Exercise directions >> Once the line containing "doc.linetypes.add(name, pattern=pattern)" has been written out, stop; until then, restate each line of the entries below word for word from the first.
(Source material)
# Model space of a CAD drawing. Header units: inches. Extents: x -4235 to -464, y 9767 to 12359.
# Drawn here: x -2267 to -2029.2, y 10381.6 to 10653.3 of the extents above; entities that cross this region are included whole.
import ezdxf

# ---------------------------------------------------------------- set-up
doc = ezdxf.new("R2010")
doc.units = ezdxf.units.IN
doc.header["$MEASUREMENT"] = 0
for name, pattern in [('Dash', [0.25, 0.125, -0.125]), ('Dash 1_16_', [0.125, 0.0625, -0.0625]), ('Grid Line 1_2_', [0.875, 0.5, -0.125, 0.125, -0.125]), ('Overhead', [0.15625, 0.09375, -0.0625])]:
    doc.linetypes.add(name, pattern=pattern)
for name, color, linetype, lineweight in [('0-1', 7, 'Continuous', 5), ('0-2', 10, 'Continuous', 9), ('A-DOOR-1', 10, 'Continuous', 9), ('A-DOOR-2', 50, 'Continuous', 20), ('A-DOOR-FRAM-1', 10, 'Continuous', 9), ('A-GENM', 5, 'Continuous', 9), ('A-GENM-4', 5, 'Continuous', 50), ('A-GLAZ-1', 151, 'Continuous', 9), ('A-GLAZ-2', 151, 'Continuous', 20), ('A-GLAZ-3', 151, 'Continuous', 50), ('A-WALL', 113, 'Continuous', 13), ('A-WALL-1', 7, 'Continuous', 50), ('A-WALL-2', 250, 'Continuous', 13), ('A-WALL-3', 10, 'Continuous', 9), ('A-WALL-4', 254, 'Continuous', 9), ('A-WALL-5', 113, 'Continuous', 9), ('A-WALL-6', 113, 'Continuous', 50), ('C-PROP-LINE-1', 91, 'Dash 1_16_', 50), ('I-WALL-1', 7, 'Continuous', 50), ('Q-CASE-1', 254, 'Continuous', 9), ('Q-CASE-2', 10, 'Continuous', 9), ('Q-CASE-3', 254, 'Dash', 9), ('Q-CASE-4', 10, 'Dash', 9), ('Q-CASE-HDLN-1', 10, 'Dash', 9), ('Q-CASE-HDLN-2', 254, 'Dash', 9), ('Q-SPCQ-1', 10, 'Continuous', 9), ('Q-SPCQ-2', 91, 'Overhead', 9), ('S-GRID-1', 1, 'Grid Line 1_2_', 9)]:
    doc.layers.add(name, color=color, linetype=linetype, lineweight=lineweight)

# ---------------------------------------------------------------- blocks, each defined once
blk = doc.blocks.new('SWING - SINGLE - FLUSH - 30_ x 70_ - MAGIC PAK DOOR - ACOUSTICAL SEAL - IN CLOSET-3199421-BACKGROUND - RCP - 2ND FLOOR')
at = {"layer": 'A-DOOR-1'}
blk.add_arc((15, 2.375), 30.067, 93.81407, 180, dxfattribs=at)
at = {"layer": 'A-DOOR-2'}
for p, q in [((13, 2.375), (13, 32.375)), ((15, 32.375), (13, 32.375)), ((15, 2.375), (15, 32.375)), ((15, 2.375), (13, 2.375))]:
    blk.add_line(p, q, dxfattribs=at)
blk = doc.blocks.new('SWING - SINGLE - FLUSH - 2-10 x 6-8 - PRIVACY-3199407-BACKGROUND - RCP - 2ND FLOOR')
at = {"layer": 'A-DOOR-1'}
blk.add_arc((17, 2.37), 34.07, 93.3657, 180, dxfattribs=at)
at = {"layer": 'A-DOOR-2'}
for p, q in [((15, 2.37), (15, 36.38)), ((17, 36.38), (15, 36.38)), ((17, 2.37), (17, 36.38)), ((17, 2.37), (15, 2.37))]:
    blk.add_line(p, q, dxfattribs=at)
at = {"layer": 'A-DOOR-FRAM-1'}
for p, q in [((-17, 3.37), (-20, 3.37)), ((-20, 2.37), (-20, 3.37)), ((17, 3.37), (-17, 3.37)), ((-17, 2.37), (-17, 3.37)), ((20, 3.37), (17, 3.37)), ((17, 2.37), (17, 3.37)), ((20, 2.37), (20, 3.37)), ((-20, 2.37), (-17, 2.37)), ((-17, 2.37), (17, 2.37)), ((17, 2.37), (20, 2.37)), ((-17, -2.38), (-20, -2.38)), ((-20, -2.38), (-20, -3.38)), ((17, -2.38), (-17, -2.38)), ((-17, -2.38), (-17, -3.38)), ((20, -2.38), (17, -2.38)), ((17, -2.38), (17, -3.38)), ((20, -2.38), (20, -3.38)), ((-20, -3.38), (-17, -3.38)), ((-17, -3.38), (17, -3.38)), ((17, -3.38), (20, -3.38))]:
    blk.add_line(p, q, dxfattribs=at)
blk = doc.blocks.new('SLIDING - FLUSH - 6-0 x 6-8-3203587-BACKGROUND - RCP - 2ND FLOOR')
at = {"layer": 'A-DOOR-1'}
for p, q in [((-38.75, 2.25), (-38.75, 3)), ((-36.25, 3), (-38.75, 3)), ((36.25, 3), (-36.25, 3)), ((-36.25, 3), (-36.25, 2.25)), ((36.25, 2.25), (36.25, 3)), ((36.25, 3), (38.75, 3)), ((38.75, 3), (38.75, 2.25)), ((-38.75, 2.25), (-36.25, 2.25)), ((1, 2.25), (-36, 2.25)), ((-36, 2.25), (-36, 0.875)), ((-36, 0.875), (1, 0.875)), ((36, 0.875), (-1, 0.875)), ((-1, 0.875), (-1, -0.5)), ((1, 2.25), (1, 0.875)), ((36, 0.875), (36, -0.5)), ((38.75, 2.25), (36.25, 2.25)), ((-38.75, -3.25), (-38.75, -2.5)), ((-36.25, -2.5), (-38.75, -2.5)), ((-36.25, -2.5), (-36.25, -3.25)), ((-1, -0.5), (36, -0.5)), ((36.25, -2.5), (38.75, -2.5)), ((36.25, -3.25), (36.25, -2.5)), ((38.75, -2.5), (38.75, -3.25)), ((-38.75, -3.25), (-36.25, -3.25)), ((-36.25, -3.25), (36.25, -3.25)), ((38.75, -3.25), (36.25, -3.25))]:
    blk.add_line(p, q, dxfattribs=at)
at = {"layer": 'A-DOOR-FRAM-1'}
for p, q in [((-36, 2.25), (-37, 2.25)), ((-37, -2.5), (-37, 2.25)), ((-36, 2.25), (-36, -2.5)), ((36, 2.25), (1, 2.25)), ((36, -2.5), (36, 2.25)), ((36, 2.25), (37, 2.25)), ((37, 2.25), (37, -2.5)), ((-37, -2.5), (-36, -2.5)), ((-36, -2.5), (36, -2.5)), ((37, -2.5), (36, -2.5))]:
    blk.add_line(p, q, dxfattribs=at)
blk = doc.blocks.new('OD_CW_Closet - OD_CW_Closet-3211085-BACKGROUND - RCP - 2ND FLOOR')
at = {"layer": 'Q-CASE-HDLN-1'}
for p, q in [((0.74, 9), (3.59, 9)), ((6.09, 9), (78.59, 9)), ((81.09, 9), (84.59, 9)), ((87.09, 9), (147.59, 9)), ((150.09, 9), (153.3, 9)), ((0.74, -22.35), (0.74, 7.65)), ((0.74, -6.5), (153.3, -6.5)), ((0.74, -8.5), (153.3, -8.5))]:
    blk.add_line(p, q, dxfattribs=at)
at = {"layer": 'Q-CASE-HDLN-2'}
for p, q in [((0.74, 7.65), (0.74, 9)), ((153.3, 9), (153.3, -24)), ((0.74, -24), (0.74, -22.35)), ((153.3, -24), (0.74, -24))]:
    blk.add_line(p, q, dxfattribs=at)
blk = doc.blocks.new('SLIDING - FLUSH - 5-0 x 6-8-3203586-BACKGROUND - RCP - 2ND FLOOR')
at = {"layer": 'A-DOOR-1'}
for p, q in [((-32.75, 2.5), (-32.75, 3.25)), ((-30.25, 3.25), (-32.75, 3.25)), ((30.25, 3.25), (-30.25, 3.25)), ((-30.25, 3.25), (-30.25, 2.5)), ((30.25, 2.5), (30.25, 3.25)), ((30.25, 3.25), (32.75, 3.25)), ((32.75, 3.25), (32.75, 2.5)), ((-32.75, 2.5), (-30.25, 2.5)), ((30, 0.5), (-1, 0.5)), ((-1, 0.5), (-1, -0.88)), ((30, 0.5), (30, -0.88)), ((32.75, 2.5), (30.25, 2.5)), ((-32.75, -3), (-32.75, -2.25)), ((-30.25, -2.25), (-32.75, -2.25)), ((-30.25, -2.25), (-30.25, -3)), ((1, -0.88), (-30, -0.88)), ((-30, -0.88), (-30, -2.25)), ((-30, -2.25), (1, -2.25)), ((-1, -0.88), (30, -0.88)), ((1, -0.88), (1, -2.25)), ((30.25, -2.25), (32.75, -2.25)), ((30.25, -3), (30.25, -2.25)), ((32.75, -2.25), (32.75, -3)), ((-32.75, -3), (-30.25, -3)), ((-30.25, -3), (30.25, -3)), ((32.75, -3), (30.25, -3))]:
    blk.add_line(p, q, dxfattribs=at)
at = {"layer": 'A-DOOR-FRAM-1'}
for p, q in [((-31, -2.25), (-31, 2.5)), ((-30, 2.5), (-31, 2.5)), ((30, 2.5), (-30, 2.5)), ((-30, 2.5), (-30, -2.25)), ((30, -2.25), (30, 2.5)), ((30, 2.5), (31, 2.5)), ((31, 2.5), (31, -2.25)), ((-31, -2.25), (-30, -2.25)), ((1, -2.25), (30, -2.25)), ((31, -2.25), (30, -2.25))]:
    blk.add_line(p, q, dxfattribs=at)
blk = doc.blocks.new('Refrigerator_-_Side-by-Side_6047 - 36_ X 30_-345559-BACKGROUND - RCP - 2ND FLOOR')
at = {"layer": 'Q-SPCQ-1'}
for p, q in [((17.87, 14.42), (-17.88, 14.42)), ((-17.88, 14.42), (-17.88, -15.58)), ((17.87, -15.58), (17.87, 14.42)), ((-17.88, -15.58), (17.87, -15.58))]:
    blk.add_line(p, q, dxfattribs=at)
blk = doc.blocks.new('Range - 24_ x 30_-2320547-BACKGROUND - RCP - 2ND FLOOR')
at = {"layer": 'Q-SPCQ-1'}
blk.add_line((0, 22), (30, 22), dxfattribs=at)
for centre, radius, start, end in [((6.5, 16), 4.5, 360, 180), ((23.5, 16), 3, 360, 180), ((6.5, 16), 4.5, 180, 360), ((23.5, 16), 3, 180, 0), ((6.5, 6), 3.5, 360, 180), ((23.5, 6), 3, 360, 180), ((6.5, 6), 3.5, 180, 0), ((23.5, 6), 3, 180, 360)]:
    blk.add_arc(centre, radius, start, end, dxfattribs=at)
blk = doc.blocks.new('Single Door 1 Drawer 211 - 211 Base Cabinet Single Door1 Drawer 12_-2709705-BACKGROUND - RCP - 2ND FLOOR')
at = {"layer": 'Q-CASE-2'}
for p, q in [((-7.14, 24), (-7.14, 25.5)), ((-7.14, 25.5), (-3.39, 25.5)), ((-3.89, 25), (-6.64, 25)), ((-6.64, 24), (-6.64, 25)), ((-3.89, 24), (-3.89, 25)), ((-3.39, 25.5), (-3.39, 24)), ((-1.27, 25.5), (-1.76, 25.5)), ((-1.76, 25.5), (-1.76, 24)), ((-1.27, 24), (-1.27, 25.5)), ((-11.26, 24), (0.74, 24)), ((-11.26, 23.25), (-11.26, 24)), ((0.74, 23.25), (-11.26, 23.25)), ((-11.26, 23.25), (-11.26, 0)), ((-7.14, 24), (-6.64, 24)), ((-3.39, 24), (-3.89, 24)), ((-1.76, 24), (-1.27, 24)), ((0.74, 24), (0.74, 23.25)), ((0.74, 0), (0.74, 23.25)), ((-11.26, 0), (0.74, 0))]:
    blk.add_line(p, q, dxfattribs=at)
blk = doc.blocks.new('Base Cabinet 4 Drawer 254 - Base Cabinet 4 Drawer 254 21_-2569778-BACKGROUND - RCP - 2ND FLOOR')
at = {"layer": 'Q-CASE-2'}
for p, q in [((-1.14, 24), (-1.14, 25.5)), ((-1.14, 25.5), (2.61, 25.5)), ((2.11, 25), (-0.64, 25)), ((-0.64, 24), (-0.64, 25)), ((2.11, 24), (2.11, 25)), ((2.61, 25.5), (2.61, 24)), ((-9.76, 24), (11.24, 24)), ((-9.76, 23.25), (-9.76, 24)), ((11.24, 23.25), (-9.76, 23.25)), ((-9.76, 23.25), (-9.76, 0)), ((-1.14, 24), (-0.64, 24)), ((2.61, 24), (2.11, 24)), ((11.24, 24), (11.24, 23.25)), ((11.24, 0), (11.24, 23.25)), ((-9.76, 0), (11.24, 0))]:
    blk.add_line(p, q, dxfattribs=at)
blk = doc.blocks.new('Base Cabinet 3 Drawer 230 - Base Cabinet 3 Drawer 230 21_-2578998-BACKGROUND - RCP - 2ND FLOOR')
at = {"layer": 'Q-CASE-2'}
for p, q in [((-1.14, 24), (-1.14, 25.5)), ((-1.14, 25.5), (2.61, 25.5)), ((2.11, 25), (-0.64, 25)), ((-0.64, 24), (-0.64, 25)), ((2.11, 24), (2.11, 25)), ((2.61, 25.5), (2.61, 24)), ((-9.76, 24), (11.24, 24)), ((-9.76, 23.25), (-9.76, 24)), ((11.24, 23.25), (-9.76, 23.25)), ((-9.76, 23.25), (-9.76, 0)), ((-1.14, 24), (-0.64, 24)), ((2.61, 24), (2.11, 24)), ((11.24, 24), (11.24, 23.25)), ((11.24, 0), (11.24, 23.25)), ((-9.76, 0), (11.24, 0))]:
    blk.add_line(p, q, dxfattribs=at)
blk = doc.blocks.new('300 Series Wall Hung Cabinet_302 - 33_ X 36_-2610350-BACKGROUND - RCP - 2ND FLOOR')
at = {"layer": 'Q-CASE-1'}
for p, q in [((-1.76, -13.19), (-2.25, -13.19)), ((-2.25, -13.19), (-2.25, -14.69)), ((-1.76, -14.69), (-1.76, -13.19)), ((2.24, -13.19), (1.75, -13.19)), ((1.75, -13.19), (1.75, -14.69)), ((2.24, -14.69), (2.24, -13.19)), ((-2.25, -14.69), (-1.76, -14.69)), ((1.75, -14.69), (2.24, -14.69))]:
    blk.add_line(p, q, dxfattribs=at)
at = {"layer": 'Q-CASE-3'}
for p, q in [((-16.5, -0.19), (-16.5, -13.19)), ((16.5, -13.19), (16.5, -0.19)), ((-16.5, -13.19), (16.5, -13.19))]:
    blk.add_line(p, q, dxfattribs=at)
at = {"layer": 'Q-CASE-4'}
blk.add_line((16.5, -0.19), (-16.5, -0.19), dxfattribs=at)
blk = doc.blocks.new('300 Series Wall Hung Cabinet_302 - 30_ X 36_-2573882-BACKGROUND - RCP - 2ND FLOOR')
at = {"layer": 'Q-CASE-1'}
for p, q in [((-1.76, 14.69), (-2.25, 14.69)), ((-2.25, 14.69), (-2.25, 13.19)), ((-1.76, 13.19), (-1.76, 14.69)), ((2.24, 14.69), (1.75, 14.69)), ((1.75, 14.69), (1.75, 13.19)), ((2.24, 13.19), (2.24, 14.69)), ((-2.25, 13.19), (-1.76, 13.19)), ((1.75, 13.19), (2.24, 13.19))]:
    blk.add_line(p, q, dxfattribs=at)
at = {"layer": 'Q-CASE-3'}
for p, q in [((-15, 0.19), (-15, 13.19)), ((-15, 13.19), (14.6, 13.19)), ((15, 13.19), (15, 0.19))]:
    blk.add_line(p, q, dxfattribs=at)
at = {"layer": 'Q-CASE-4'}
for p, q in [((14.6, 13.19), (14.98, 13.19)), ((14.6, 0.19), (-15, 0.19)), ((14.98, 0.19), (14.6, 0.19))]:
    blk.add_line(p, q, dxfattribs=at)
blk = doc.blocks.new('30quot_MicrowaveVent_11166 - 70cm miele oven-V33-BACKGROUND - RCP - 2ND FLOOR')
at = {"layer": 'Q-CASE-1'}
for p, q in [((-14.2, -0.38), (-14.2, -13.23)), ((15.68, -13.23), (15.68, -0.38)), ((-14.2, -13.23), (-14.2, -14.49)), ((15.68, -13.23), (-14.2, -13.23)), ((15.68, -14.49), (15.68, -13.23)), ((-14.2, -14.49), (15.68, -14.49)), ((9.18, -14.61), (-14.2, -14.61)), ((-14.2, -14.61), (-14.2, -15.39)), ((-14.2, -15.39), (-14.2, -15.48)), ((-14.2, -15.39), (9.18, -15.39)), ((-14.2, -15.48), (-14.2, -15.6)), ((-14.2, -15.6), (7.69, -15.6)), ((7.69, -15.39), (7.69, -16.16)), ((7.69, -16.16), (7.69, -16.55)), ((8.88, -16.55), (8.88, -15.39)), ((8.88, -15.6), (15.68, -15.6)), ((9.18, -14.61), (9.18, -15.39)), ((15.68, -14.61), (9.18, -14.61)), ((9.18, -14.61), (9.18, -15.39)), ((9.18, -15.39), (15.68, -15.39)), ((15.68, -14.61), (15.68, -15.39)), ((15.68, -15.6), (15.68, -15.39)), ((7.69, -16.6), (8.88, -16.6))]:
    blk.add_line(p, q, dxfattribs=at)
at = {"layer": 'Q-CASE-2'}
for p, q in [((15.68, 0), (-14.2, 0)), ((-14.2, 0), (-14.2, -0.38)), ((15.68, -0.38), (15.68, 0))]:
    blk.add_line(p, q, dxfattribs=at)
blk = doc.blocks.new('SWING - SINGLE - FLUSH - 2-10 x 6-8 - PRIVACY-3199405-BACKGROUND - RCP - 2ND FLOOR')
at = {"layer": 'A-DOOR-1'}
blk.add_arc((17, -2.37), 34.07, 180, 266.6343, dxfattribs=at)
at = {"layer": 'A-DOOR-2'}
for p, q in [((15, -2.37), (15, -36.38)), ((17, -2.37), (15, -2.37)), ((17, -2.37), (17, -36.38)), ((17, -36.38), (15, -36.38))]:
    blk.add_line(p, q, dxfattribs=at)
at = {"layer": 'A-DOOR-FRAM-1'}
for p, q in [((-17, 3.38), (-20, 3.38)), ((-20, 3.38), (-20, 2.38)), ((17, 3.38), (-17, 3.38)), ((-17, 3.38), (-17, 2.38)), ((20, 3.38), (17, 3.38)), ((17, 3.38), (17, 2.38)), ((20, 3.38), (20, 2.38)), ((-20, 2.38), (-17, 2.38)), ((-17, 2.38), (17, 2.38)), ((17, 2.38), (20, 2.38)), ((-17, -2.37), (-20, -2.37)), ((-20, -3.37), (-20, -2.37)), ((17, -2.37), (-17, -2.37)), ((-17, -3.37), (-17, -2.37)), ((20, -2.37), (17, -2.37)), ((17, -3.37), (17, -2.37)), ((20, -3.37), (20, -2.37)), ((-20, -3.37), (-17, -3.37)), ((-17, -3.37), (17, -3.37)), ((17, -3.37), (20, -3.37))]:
(End Source material)
Written answer >>
# Model space of a CAD drawing. Header units: inches. Extents: x -4235 to -464, y 9767 to 12359.
# Drawn here: x -2267 to -2029.2, y 10381.6 to 10653.3 of the extents above; entities that cross this region are included whole.
import ezdxf

# ---------------------------------------------------------------- set-up
doc = ezdxf.new("R2010")
doc.units = ezdxf.units.IN
doc.header["$MEASUREMENT"] = 0
for name, pattern in [('Dash', [0.25, 0.125, -0.125]), ('Dash 1_16_', [0.125, 0.0625, -0.0625]), ('Grid Line 1_2_', [0.875, 0.5, -0.125, 0.125, -0.125]), ('Overhead', [0.15625, 0.09375, -0.0625])]:
    doc.linetypes.add(name, pattern=pattern)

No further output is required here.